[Opening Input data section]
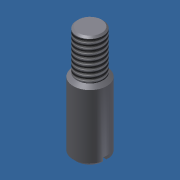
# Autodesk Inventor part: PINO ROSCADO(25)
Saved by Autodesk Inventor 2012 SP1 (Build 160190100, 190)
## iProperties
Created: 2012-07-24
Part Number: PINO ROSCADO(25)
Material: Carbon Steel
Document SubType Name: Modeling
Designer: bruno.silveira
Mass: 20.3976 g
Surface Area: 11.9381 cm^2
Volume: 2.59181 cm^3
Density: 7.87 g/cm^3
Author: bruno.silveira
Autodesk Inventor part; units mm, degrees
ref_plane "YZ Plane" through (0, 0, 0) normal (1, 0, 0) x (0, 1, 0)
ref_plane "XZ Plane" through (0, 0, 0) normal (0, 1, 0) x (-1, 0, 0)
ref_plane "XY Plane" through (0, 0, 0) normal (0, 0, 1) x (1, 0, 0)
sketch "Sketch1" plane through (0, 0, 0) normal (0, 0, 1) x (1, 0, 0)
  circle A0 centre (0, 0) radius 5
  dimension "d0" = 10
  constraints: 1 centre point, 1 coincident
  measures "d0" diameter of A0
extrude "Extrusion1" add sketch "Sketch1" along normal blind 33
sketch "Sketch2" plane through (0, 0, 33) normal (0, 0, 1) x (1, 0, 0)
  circle A0 centre (0, 0) radius 5 projected
  circle A1 centre (0, 0) radius 3.9688
  dimension "d3" = 7.9375
  constraints: 1 centre point, 1 coincident
  measures "d3" diameter of A1
extrude "Extrusion2" cut sketch "Sketch2" against normal blind 12
sketch "Sketch3" plane through (0, 0, 0) normal (0, 0, -1) x (-1, 0, 0)
  circle A0 centre (0, 0) radius 5 projected
  line L0 (-4.899, 1) -> (4.899, 1)
  line L1 (-4.899, -1) -> (4.899, -1)
  arc A1 (-4.899, 1) -> (-4.899, -1) centre (0, 0) ccw
  arc A2 (4.899, -1) -> (4.899, 1) centre (0, 0) ccw
  dimension "d6" = 2
  dimension "d8" = 1
  constraints: 8 point on circle, 4 end point, 2 centre point, 1 coincident
  measures "d6" distance between parallel lines of L0 L1
  measures "d8" distance from line of A0.centre L0
extrude "Extrusion3" cut sketch "Sketch3" against normal blind 2 contours A0 L1 L0
chamfer "Chamfer1" distance 1 angle 45 3 edges at (0, 5, 0) (0, -5, 0) (-5, 0, 21)
thread "Thread1" size "5/16-18 UNC" class "2A" standard "ANSI Unified Screw Threads" full length
chamfer "Chamfer2" distance 0.5 angle 45 1 edges at (-3.9688, 0, 33)
body "Solid1"
[Closing Input data section]
→ Your objective
Lines with the word "silveira": how many are there in the material? Answer with the number alone.

→ Response
2